This webpage’s stylesheet specifies that comments should use either Verdana,
Geneva, or a sans-serif font. Since neither Verdana or Geneva have a glyph for
U+2705 WHITE HEAVY CHECK MARK, the browser uses font substitution¹ to look for
another font on the system that does have a glyph for that codepoint and use
it instead. (Font substitution is pretty much necessary since it’s currently
impossible for one font to hold Unicode’s repertoire of 110,000+ characters;
even the OpenType format is limited to a maximum of 65,536 glyphs).
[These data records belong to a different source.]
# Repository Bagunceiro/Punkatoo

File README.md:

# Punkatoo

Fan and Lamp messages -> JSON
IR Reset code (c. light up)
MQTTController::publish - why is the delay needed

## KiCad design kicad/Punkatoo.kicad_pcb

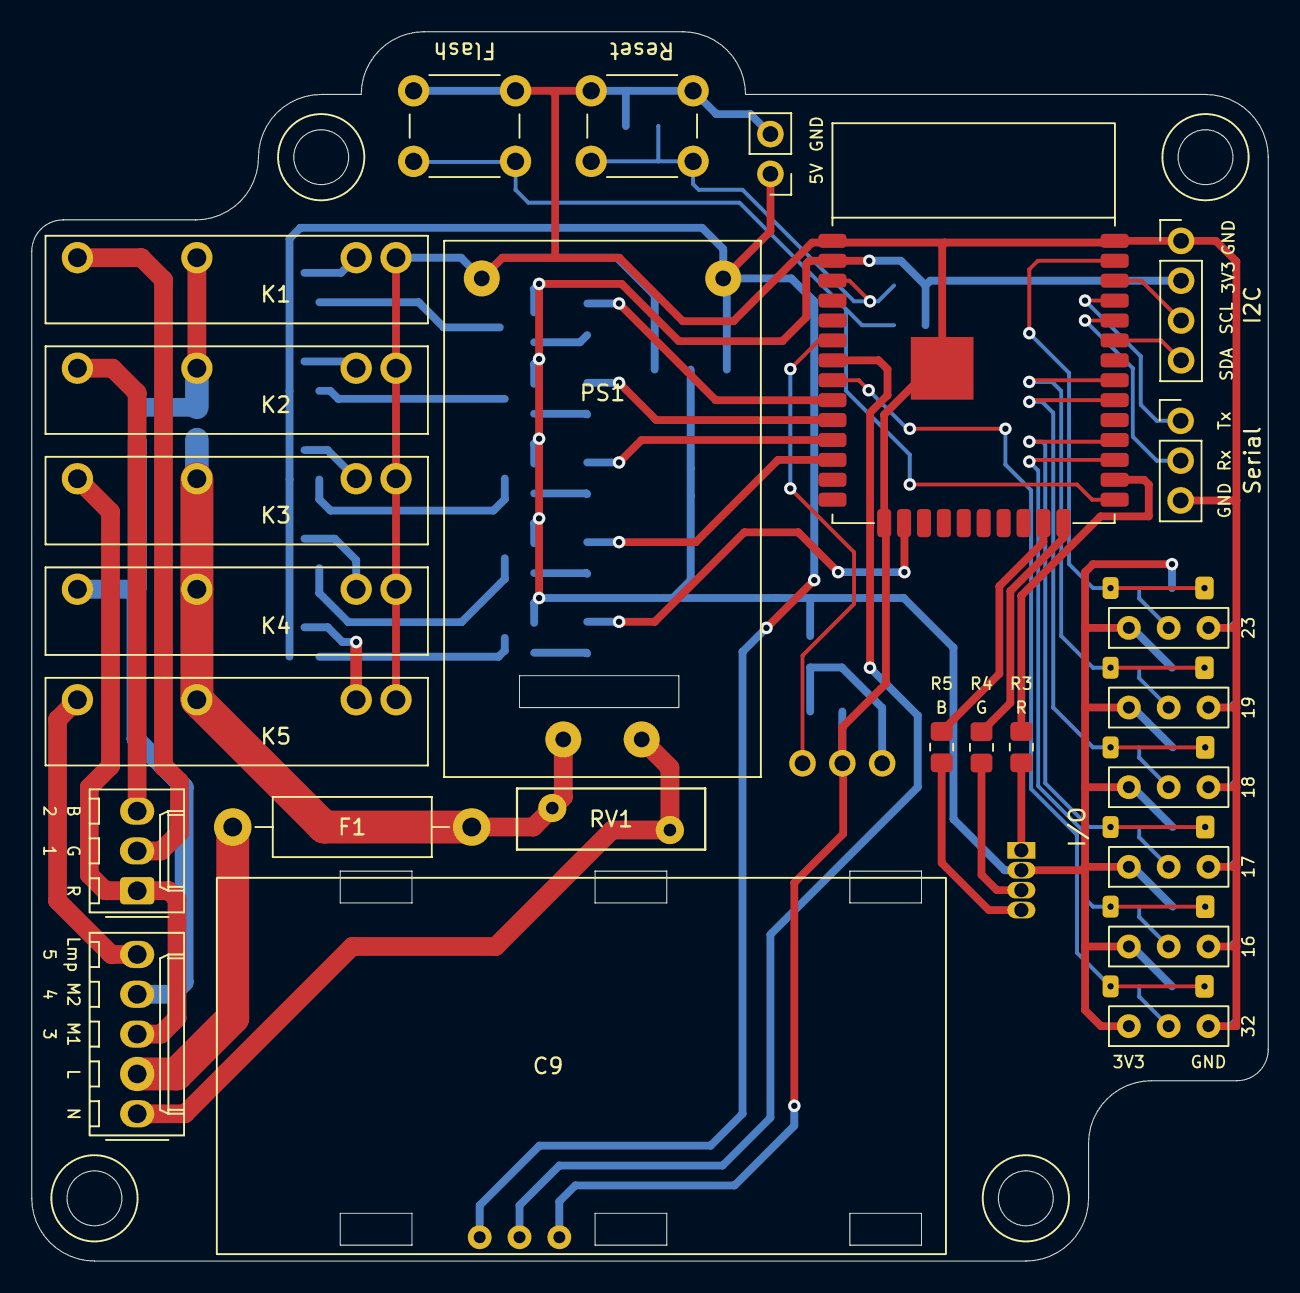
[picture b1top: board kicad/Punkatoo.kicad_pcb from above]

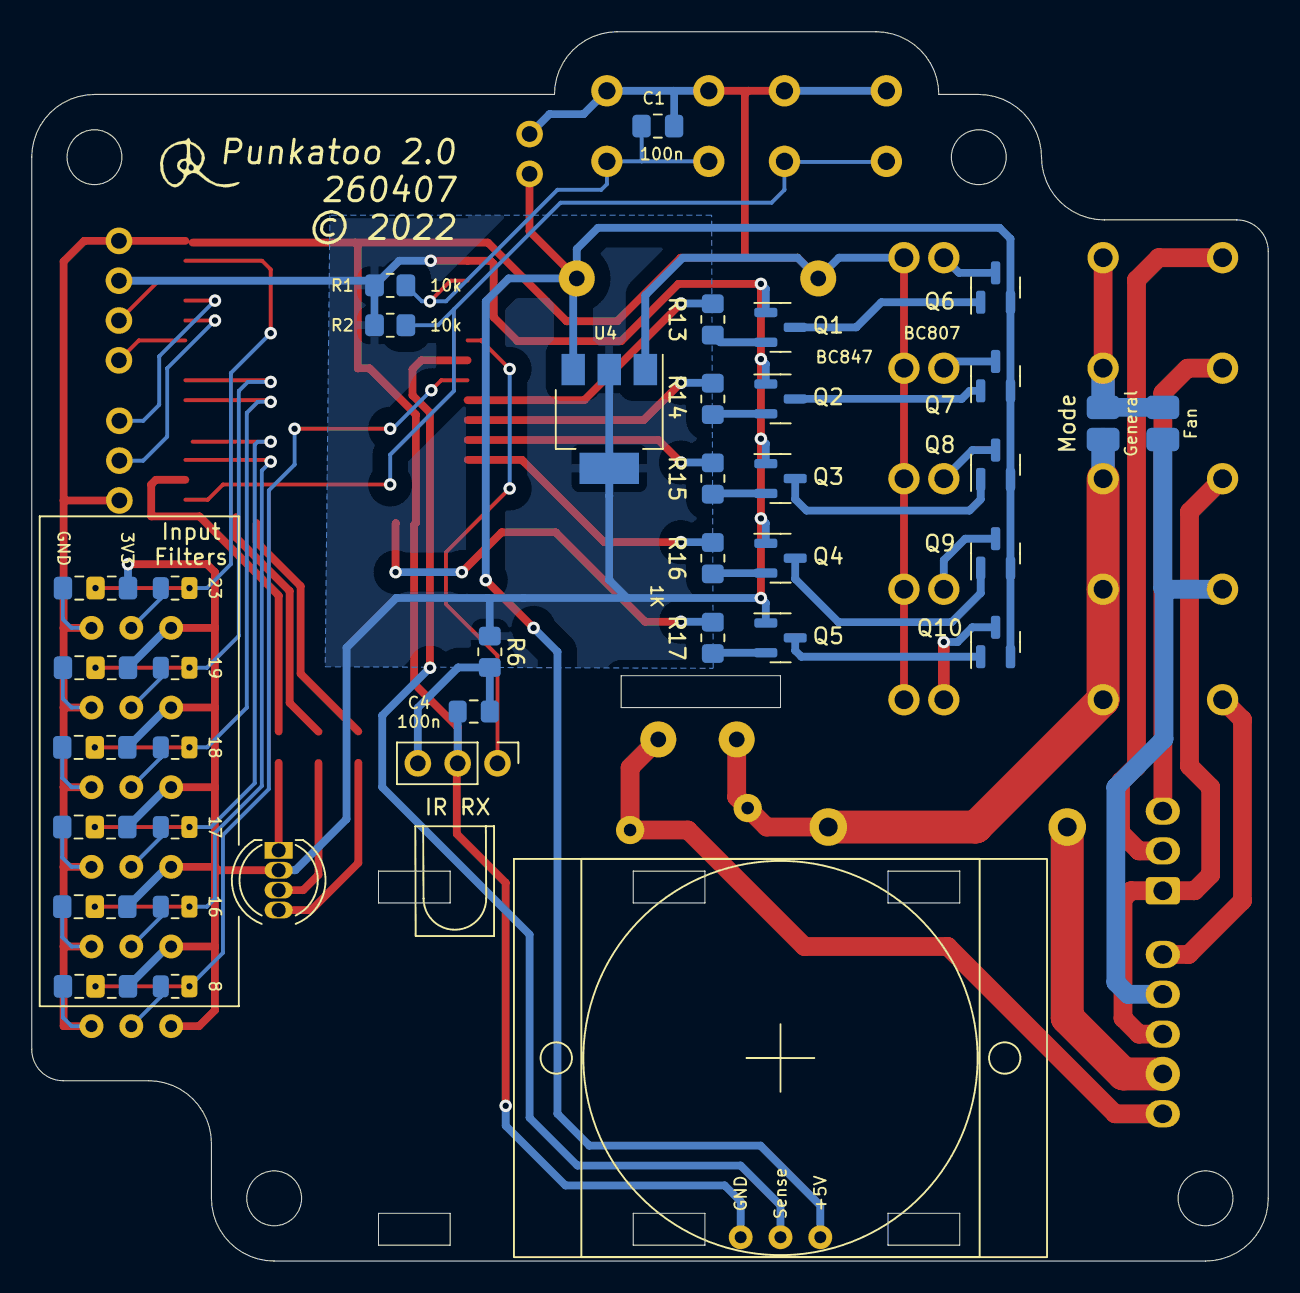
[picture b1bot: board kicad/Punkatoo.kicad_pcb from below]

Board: 2 copper layers, 78.9 x 78.4 mm, 59 parts (38 on the bottom side), 59 nets.

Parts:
C1: 100n; C_0805_2012Metric_Pad1.18x1.45mm_HandSolder
C2, C3, C5, C6, C7, C8: C_Option; C_0805_Option
C4: 100n; C_0805_2012Metric_Pad1.15x1.40mm_HandSolder
C9: Capacitor; 3Wire_2.5uF+4.5uF
D1: LED_RGBA; LED_D5.0mm-4_RGB
F1: 3A; R_Axial_DIN0411_L9.9mm_D3.6mm_P15.24mm_Horizontal
J1: 5V Power; PinHeader_1x02_P2.54mm_Vertical
J2: Serial; PinHeader_1x03_P2.54mm_Vertical
J3: I/O; Conn_03x06
J4: I2C; PinHeader_1x04_P2.54mm_Vertical
J5: Capacitor; Molex_KK-254_AE-6410-03A_1x03_P2.54mm_Vertical
J6: A/C; Molex_KK-254_AE-6410-05A_1x05_P2.54mm_Vertical
JP1: General; R_0805_2012Metric_Pad1.15x1.40mm_HandSolder
JP2: Fan; R_0805_2012Metric_Pad1.15x1.40mm_HandSolder
K1, K2, K3, K4, K5: G3MB-Relay_SolidState; G3MB
PS1: HLK-PM01; HLK-PMxx
Q1, Q2, Q3, Q4, Q5: BC847; SOT-23
Q6, Q7, Q8, Q9, Q10: BC807; SOT-23
R1, R2: 10k; R_0805_2012Metric_Pad1.20x1.40mm_HandSolder
R3: R; R_0805_2012Metric_Pad1.20x1.40mm_HandSolder
R4: G; R_0805_2012Metric_Pad1.20x1.40mm_HandSolder
R5: B; R_0805_2012Metric_Pad1.20x1.40mm_HandSolder
R6: 100; R_0805_2012Metric_Pad1.20x1.40mm_HandSolder
R7, R8, R9, R10, R11, R12: 1K; R_0805+THT
R13, R14, R15, R16, R17: 1K; R_0805_2012Metric_Pad1.20x1.40mm_HandSolder
RV1: Varistor; RV_Disc_D12mm_W3.9mm_P7.5mm
SW1: Reset; SW_PUSH_6mm_H5mm
SW2: Flash; SW_PUSH_6mm_H5mm
U1: ESP32-WROOM-32; wroom32
U2: PIR
U3: IR RX; TSOP38
U4: AMS1117-3.3; SOT-223-3_TabPin2

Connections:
+3V3: C2.1, C3.1, C5.1, C6.1, C7.1, C8.1, D1.2 (A), J3.7, J4.2, Q1.1 (B), Q2.1 (B), Q3.1 (B), Q4.1 (B), Q5.1 (B), R1.2, R2.1, R6.1, U1.2 (VDD), U4.2 (VO)
+5V: J1.1, PS1.4 (+Vout), Q6.2 (E), Q7.2 (E), Q8.2 (E), Q9.2 (E), Q10.2 (E), U2.3 (V+), U4.3 (VI)
/8: C2.2, R7.1, U1.8 (IO32)
/16: C3.2, R8.1, U1.27 (IO16)
/17: C5.2, R9.1, U1.28 (IO17)
/18: C6.2, R10.1, U1.30 (IO18)
/19: C7.2, R11.1, U1.31 (IO19)
/23: C8.2, R12.1, U1.37 (IO23)
/C_Blue: J5.3, K2.1
/C_Green: J5.2, K1.1
/C_Red: J5.1, J6.3, K3.1
/Flash: R2.2, SW2.1, U1.25 (IO0)
/IR: U1.6 (IO34), U3.1 (OUT)
/IndB: R5.1, U1.23 (IO15)
/IndG: R4.1, U1.24 (IO2)
/IndR: R3.1, U1.26 (IO4)
/LINE: F1.2, J6.2
/LMP: J6.5, K5.1
/M2: J6.4, JP2.2 (B), K4.1
/PIR: U1.7 (IO35), U2.2 (OUT)
/RXD: J2.2, U1.34 (RXD0/IO3)
/Reset: C1.2, R1.1, SW1.2, U1.3 (EN)
/TXD: J2.1, U1.35 (TXD0/IO1)
Fused: F1.1, JP1.2 (B), K3.2, K4.2, K5.2, PS1.1 (AC/L), RV1.2
GND: C1.1, C2.3, C3.3, C4.2, C5.3, C6.3, C7.3, C8.3, J1.2, J2.3, J3.8, J4.1, K1.4 (INP-), K2.4 (INP-), K3.4 (INP-), K4.4 (INP-), K5.4 (INP-), PS1.3 (-Vout), SW1.1, SW2.2, U1.1 (GND), U1.15 (GND), U1.38 (GND), U1.39 (GND), U2.1 (GND), U3.2 (GND), U4.1 (GND)
unnamed: C4.1, R6.2, U3.3 (Vs)
unnamed: D1.1 (RK), R3.2
unnamed: D1.3 (GK), R4.2
unnamed: D1.4 (BK), R5.2
unnamed: J3.1, R12.2
unnamed: J3.2, R11.2
unnamed: J3.3, R10.2
unnamed: J3.4, R9.2
unnamed: J3.5, R8.2
unnamed: J3.6, R7.2
unnamed: J4.3, U1.36 (IO22)
unnamed: J4.4, U1.33 (IO21)
unnamed: JP1.1 (A), JP2.1 (A), K1.2, K2.2
unnamed: K1.3 (INP+), Q6.3 (C)
unnamed: K2.3 (INP+), Q7.3 (C)
unnamed: K3.3 (INP+), Q8.3 (C)
unnamed: K4.3 (INP+), Q9.3 (C)
unnamed: K5.3 (INP+), Q10.3 (C)
unnamed: Q1.2 (E), R13.2
unnamed: Q1.3 (C), Q6.1 (B)
unnamed: Q2.2 (E), R14.2
unnamed: Q2.3 (C), Q7.1 (B)
unnamed: Q3.2 (E), R15.2
unnamed: Q3.3 (C), Q8.1 (B)
unnamed: Q4.2 (E), R16.2
unnamed: Q4.3 (C), Q9.1 (B)
unnamed: Q5.2 (E), R17.1
unnamed: Q5.3 (C), Q10.1 (B)
Neutral: J6.1, PS1.2 (AC/N), RV1.1
R1: R13.1, U1.9 (IO33)
R2: R14.1, U1.10 (IO25)
R3: R15.1, U1.11 (IO26)
R4: R16.1, U1.12 (IO27)
R5: R17.2, U1.16 (IO13)

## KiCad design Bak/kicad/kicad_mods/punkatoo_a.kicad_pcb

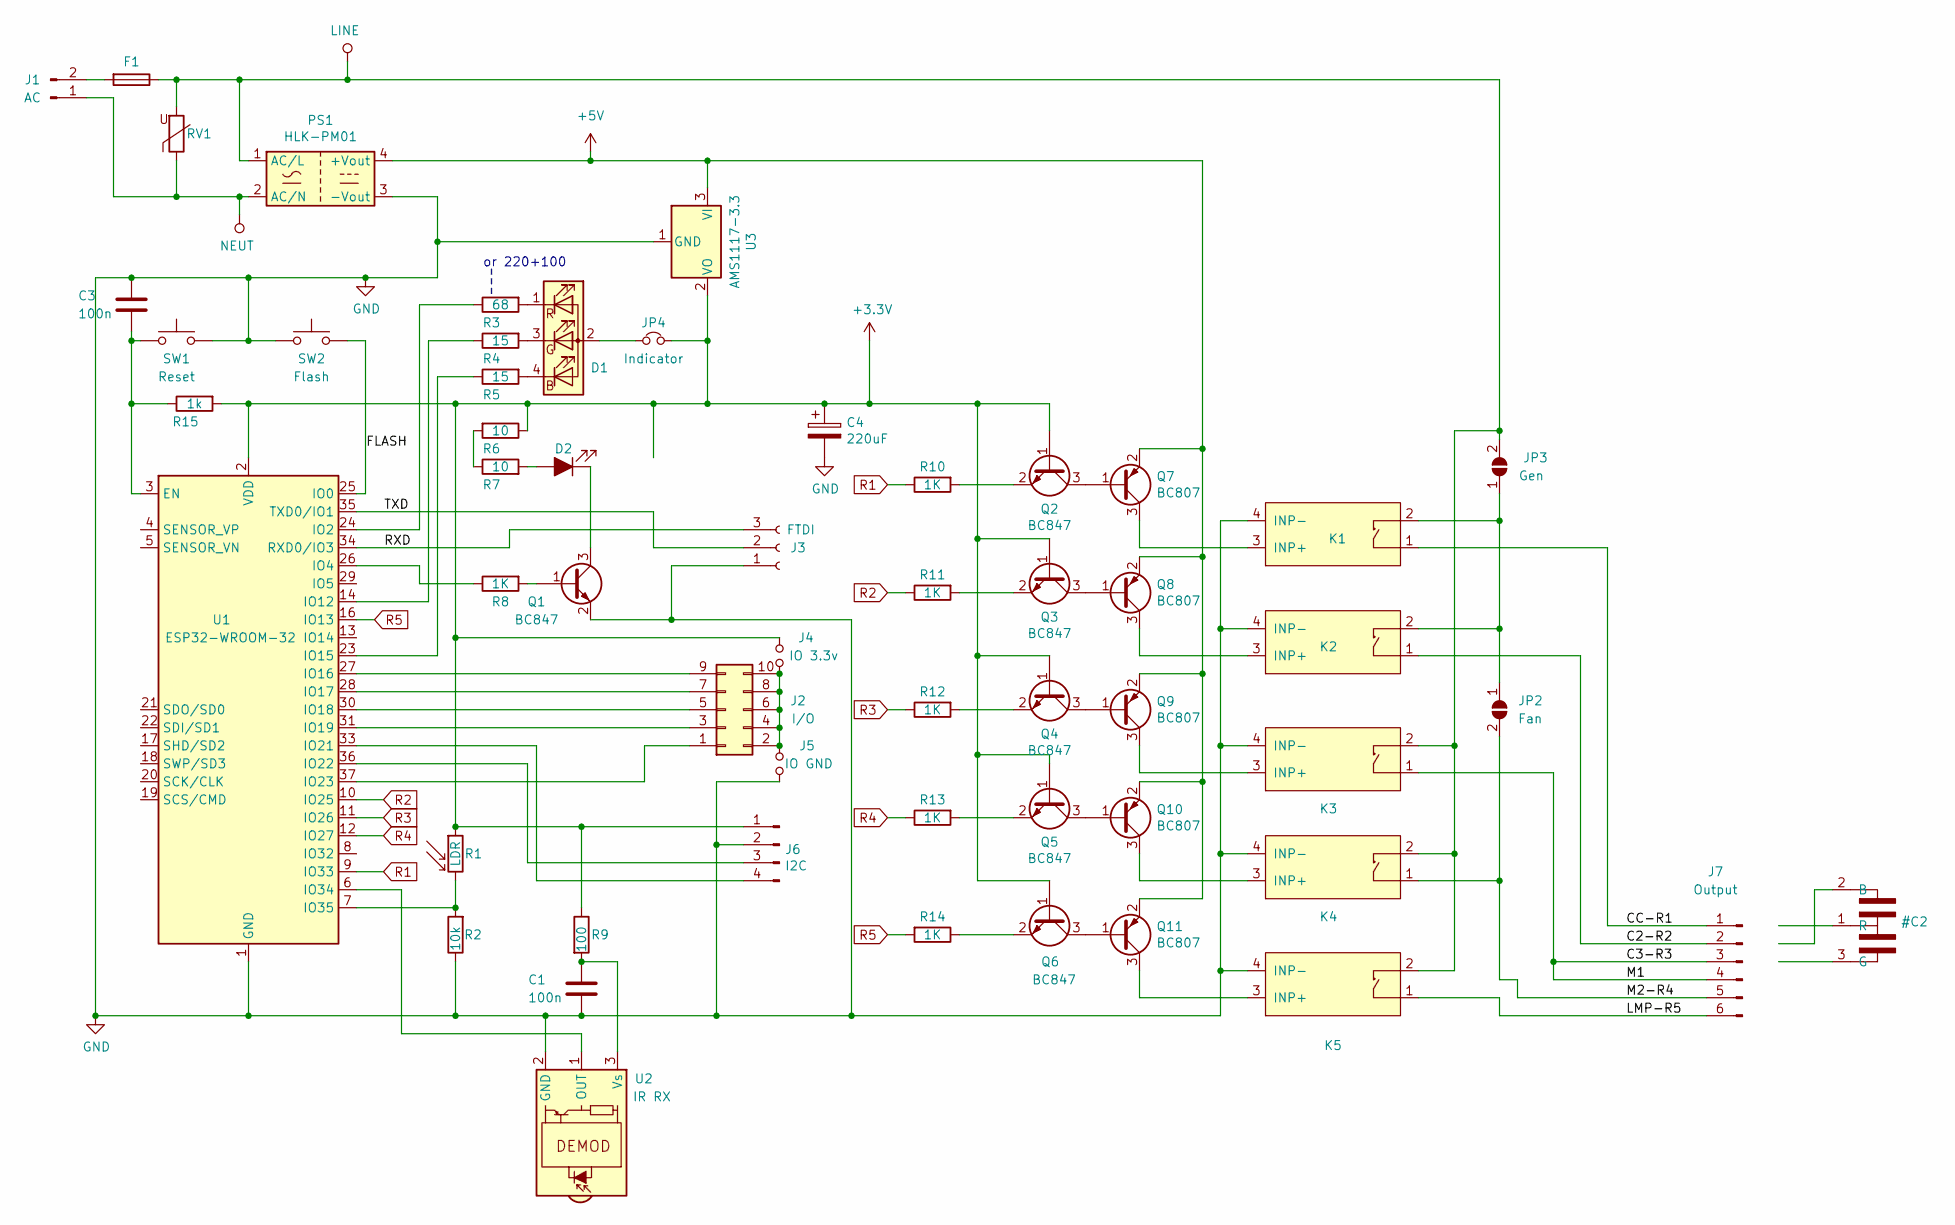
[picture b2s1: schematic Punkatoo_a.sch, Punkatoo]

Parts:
C1, C3: 100n; C_0805_2012Metric_Pad1.15x1.40mm_HandSolder
C4: 220uF; CP_Radial_D8.0mm_P2.50mm
D1: LED_RGBA; LED_D5.0mm-4_RGB
D2: IR TX; LED_D5.0mm
F1: Fuse; R_Axial_DIN0411_L9.9mm_D3.6mm_P15.24mm_Horizontal
J1: AC; Molex_KK-254_AE-6410-02A_1x02_P2.54mm_Vertical
J2: I/O; PinHeader_2x05_P2.54mm_Vertical
J3: FTDI; PinSocket_1x03_P2.54mm_Vertical
J4: IO 3.3v; R_0805_2012Metric_Pad1.15x1.40mm_HandSolder
J5: IO GND; R_0805_2012Metric_Pad1.15x1.40mm_HandSolder
J6: I2C; PinHeader_1x04_P2.54mm_Vertical
J7: Output; Molex_KK-254_AE-6410-06A_1x06_P2.54mm_Vertical
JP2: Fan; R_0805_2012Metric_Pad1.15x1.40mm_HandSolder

Both iOS 5+ and OS X v10.7+ include the font Apple Color Emoji, and that font
does have a glyph for U+2705 (the same glyph you see in my screen shot)², so
OS X and iOS text rendering systems use it. On your Windows computer, I’m
guessing the font that was substituted for Verdana/Geneva there was Segoe UI
Symbol³.

As an aside, I’m pretty interested on how OS X and Windows decide on which
font to use when there are multiple fonts installed containing the required
glyph. For example, I have two other fonts on my OS X system that have a glyph
for U+2705 (Everson Mono and Symbola), but OS X always seems to consistently
pick Apple Color Emoji’s glyph. Maybe OS X’s text rendering system goes
through the fonts in alphabetical order and uses the first one it finds
containing the required glyph? It would be great if end users could have a bit
more control over the font substitution process. I know it’s possible to do in
some text editors like Emacs⁴, but I believe that programs like that use their
own text rendering systems instead of that supplied by the OS (could be wrong
though).

EDIT: Oh, I forgot to add, as for having the glyph be a green box with a white
inner check mark, The Unicode Consortium actually mentions how the glyphs
should look for characters with BLACK or WHITE in the name⁵:

 _“Q: What about characters whose names include WHITE or BLACK?_

 _A: Names of symbols such as BLACK MEDIUM SQUARE or WHITE MEDIUM SQUARE are
not meant to indicate that the corresponding character must be presented in
black or white, respectively; rather, the use of “black” and “white” in the
names is generally just to contrast filled versus outline shapes, or a darker
color fill versus a lighter color fill. Similarly, in other symbols such as
the hands U+261A BLACK LEFT POINTING INDEX and U+261C WHITE LEFT POINTING
INDEX, the words “white” and “black” also refer to outlined versus filled, and
do not indicate skin color.”_

――――――

¹ —
[https://en.wikipedia.org/wiki/Font_substitution](https://en.wikipedia.org/wiki/Font_substitution)

² —
[http://apps.timwhitlock.info/emoji/tables/unicode#block-2-di...](http://apps.timwhitlock.info/emoji/tables/unicode#block-2-dingbats)

³ —
[http://www.fileformat.info/info/unicode/char/2705/fontsuppor...](http://www.fileformat.info/info/unicode/char/2705/fontsupport.htm)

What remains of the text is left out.